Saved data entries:
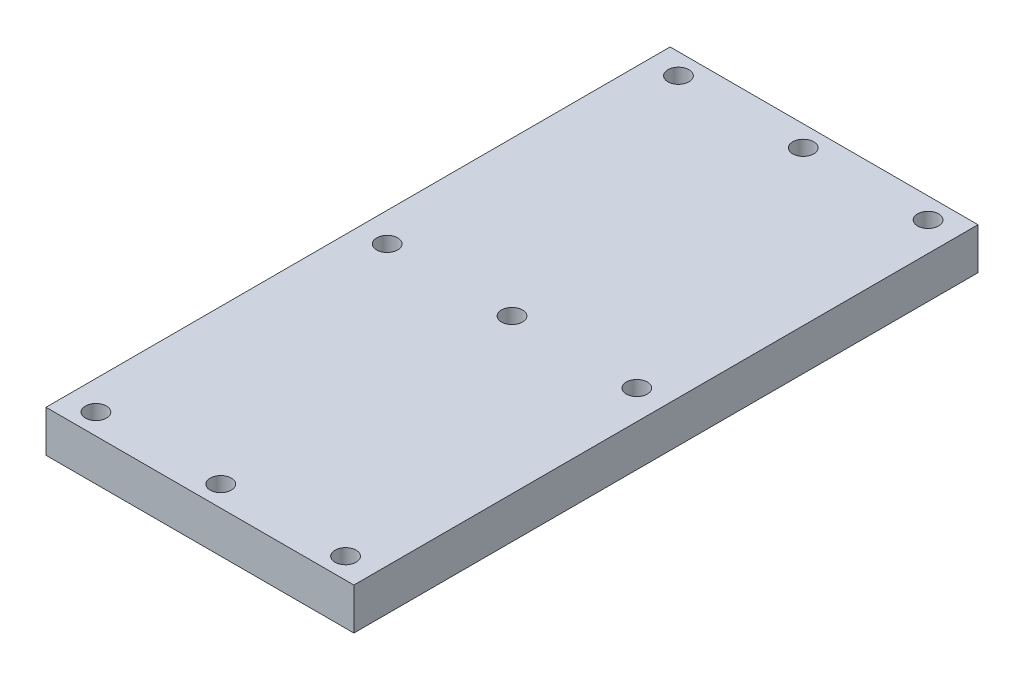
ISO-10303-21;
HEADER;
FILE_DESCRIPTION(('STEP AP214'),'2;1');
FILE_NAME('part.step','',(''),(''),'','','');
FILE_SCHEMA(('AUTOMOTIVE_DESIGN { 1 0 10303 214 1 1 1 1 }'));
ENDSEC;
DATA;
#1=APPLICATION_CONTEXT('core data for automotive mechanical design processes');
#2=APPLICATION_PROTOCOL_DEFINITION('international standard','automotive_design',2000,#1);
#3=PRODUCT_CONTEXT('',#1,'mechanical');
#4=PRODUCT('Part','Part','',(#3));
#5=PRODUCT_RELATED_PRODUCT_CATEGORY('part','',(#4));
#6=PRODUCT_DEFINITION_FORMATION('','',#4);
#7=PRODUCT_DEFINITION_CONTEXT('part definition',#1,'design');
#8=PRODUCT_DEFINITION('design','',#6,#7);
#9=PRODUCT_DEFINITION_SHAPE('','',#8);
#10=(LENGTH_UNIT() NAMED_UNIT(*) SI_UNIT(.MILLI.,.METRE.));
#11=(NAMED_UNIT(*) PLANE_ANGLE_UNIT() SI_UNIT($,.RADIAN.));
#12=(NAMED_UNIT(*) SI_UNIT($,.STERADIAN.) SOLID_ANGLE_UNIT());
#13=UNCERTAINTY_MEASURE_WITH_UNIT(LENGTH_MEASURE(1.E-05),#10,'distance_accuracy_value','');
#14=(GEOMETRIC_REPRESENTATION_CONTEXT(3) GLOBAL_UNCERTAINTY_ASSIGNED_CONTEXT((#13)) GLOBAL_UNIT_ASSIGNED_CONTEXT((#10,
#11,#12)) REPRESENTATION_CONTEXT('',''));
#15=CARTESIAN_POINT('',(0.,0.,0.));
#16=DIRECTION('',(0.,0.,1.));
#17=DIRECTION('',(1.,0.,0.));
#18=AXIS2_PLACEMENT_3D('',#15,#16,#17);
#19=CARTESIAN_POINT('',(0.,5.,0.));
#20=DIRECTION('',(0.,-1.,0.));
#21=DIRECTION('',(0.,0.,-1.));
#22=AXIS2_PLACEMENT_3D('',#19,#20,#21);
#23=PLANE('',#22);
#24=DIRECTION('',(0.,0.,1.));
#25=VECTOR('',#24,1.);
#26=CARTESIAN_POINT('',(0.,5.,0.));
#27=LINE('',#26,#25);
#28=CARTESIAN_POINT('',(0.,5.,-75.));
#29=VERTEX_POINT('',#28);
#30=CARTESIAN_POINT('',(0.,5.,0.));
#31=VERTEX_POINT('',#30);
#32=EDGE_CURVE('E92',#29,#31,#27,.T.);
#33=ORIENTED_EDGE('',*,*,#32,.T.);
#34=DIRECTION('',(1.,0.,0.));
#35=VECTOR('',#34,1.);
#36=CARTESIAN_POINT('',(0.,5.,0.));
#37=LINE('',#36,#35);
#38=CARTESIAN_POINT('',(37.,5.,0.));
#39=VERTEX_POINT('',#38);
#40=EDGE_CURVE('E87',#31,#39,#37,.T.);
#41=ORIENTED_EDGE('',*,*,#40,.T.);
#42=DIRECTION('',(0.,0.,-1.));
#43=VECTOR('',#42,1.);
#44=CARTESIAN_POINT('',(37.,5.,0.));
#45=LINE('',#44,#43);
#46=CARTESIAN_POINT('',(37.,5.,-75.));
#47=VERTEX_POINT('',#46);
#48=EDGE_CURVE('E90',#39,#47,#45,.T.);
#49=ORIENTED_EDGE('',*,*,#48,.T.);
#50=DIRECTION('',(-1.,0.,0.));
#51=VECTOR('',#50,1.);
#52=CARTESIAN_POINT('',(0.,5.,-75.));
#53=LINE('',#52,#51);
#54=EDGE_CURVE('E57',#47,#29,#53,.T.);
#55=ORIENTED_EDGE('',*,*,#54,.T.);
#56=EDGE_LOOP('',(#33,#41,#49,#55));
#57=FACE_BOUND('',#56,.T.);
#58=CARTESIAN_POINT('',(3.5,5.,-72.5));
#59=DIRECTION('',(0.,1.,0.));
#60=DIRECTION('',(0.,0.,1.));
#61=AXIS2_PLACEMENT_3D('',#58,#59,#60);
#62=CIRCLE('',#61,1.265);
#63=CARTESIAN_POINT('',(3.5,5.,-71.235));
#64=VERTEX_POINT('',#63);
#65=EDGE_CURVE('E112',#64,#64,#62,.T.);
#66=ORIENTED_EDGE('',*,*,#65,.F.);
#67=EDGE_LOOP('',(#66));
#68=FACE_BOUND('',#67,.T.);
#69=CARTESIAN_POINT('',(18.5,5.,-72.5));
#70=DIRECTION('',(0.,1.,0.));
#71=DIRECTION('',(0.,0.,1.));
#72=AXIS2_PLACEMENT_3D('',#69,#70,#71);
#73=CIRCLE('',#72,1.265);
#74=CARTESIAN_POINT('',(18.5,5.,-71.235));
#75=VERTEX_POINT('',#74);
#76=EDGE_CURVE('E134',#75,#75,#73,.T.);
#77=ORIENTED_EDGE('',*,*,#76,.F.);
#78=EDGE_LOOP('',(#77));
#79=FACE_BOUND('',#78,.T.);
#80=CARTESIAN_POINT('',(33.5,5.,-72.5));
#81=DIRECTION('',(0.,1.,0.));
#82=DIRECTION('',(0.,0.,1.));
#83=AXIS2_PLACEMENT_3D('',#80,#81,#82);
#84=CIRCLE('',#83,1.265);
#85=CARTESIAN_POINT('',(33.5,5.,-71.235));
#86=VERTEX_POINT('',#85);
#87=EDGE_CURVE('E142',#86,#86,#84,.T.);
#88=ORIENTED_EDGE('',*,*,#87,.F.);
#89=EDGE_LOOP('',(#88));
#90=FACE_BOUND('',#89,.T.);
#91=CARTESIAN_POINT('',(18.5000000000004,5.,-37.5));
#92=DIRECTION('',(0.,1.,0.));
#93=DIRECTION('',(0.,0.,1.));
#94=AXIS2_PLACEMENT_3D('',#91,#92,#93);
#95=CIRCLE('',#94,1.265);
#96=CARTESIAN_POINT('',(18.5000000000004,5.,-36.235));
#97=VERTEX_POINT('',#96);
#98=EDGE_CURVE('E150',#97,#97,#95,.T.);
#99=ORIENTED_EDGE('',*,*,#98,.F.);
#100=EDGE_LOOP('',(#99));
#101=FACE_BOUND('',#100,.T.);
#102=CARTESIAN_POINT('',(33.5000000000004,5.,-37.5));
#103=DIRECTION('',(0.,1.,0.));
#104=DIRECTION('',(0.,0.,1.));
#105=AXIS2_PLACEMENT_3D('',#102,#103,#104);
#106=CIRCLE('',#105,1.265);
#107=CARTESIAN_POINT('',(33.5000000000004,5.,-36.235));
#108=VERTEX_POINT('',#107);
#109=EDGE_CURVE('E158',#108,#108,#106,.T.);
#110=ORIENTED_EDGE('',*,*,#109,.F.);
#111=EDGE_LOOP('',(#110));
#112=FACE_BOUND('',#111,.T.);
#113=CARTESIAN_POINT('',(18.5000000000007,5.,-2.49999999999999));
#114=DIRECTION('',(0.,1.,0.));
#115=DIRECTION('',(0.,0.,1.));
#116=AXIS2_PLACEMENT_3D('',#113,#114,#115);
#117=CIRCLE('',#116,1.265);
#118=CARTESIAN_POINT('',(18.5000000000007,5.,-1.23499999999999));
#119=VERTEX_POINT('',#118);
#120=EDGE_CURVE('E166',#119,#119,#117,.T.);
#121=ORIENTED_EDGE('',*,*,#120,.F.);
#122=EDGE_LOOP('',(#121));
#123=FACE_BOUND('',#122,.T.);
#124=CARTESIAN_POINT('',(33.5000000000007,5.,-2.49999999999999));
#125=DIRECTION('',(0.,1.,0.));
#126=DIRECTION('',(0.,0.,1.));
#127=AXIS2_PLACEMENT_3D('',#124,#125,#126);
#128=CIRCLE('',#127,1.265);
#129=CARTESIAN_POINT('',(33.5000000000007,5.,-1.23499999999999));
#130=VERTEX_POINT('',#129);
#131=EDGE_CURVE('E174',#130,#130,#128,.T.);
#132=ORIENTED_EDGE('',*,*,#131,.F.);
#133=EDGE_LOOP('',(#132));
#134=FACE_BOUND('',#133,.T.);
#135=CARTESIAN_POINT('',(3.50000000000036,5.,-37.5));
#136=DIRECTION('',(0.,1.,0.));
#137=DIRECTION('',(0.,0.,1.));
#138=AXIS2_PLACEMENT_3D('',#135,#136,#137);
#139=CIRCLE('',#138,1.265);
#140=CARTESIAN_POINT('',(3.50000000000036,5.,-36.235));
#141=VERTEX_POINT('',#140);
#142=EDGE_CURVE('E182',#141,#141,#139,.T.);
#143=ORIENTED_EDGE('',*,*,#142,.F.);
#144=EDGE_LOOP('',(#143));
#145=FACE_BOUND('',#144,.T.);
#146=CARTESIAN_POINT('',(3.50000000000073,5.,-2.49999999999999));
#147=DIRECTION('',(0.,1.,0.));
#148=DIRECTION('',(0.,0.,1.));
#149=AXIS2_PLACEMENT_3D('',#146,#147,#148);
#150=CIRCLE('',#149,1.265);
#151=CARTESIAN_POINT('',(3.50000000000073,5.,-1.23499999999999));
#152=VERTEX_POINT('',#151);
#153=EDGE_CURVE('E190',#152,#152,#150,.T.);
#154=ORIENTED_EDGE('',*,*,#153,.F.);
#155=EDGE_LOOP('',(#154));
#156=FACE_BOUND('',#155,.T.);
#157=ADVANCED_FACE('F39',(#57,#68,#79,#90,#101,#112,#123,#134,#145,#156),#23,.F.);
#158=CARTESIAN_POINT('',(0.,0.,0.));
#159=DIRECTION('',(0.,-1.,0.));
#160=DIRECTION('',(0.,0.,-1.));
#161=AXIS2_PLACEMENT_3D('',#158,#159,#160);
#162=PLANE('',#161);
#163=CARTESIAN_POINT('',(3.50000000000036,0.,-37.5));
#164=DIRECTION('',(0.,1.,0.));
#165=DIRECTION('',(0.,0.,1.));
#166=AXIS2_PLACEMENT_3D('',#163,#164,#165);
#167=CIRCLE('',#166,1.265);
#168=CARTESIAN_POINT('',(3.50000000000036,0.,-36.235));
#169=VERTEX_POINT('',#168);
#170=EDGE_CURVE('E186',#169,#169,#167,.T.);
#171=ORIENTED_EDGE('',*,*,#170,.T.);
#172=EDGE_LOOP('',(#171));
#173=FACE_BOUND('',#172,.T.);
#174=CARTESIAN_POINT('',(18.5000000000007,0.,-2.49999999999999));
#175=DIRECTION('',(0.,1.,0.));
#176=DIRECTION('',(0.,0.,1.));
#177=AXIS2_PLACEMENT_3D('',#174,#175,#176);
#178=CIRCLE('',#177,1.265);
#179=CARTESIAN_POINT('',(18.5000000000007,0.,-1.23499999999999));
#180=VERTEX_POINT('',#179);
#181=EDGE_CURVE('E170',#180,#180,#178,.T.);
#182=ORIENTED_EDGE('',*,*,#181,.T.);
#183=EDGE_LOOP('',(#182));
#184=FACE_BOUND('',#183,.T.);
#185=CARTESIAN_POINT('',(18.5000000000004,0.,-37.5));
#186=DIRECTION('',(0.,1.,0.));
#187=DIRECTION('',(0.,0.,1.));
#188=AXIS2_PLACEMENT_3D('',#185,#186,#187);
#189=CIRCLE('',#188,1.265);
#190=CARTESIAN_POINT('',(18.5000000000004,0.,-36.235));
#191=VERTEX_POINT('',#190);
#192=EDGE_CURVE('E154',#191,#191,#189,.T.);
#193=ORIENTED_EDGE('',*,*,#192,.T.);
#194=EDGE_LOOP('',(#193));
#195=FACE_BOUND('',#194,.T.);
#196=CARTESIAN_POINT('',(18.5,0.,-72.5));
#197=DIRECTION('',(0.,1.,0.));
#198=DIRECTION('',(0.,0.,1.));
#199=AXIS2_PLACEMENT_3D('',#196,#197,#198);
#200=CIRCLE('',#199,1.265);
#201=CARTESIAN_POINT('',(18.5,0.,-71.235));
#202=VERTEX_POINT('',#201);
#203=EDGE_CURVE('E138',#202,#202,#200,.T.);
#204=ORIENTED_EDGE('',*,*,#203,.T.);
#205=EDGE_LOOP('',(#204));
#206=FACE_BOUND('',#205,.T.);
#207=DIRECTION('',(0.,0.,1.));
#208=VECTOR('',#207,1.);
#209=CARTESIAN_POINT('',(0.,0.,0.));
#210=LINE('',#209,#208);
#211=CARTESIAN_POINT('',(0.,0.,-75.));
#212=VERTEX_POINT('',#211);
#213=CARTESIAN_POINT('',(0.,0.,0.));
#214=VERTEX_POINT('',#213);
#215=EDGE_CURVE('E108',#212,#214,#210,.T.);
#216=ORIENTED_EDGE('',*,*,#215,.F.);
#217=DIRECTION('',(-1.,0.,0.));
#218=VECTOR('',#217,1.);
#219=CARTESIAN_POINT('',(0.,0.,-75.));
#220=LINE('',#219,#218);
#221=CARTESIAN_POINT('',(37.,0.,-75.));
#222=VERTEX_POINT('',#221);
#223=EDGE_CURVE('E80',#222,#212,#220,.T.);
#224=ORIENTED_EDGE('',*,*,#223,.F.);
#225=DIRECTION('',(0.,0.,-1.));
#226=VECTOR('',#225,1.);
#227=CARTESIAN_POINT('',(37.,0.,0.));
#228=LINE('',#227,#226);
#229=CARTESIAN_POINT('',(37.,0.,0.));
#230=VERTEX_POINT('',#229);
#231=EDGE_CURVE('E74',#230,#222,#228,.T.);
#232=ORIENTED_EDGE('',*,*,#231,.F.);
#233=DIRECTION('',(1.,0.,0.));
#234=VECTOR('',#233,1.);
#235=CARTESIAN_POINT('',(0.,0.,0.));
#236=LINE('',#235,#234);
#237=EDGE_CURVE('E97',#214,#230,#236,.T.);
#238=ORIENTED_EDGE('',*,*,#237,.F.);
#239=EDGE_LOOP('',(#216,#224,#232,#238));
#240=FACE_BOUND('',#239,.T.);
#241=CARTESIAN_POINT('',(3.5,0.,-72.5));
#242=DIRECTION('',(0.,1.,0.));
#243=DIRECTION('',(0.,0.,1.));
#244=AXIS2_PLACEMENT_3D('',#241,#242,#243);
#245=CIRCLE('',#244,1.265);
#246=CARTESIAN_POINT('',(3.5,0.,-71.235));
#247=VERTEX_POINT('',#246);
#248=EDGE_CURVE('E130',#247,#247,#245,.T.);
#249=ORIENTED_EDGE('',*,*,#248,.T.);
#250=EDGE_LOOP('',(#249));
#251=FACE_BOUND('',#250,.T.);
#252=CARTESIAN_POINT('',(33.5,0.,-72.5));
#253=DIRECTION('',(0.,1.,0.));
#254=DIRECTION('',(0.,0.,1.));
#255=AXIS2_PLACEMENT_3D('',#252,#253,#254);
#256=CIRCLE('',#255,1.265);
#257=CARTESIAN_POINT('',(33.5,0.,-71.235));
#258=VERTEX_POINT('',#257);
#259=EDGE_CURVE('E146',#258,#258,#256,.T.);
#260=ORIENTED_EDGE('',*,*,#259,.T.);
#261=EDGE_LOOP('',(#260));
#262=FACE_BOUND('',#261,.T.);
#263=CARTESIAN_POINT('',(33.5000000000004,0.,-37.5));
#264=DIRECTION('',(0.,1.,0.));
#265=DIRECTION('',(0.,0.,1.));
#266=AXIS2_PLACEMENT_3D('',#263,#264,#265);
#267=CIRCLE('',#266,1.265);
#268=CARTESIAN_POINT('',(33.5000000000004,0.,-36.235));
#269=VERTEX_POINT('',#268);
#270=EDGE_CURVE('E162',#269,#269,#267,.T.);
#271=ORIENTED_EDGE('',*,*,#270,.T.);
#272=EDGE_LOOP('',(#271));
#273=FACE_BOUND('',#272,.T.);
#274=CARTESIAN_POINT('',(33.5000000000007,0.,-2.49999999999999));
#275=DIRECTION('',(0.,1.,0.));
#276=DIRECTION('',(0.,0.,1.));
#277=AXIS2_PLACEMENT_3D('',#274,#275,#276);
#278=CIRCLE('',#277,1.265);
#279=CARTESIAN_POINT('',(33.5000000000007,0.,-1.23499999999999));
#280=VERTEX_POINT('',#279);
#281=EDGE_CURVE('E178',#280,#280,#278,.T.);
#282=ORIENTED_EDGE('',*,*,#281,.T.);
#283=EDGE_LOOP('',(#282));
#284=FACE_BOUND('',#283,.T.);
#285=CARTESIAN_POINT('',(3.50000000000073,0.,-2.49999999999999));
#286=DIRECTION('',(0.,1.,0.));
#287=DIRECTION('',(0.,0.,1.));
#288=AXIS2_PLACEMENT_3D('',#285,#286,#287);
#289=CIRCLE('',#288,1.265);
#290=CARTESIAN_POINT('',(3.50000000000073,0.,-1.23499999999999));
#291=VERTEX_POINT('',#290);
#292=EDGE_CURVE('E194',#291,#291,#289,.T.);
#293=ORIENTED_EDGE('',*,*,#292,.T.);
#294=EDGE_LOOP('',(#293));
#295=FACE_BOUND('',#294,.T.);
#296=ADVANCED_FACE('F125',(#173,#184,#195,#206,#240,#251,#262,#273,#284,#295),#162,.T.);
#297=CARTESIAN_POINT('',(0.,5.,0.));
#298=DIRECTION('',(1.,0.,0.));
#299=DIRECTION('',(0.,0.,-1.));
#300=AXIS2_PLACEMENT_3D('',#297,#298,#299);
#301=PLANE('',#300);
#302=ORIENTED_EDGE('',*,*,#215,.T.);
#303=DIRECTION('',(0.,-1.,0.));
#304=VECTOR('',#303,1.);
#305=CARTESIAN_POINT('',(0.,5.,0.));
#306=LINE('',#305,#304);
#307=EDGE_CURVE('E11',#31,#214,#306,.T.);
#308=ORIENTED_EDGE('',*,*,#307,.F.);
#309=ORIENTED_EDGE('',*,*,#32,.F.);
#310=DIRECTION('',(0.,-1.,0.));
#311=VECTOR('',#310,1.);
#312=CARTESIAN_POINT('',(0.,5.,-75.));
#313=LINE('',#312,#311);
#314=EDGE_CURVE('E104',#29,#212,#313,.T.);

WORK TO COMPLETE
An exact copy is needed of the closing lines of the entries above, counting from the one that contains "#312=CARTESIAN_POINT('',(0.,5.,-75.));" and including it and the last.

TASK RESPONSE
#312=CARTESIAN_POINT('',(0.,5.,-75.));
#313=LINE('',#312,#311);
#314=EDGE_CURVE('E104',#29,#212,#313,.T.);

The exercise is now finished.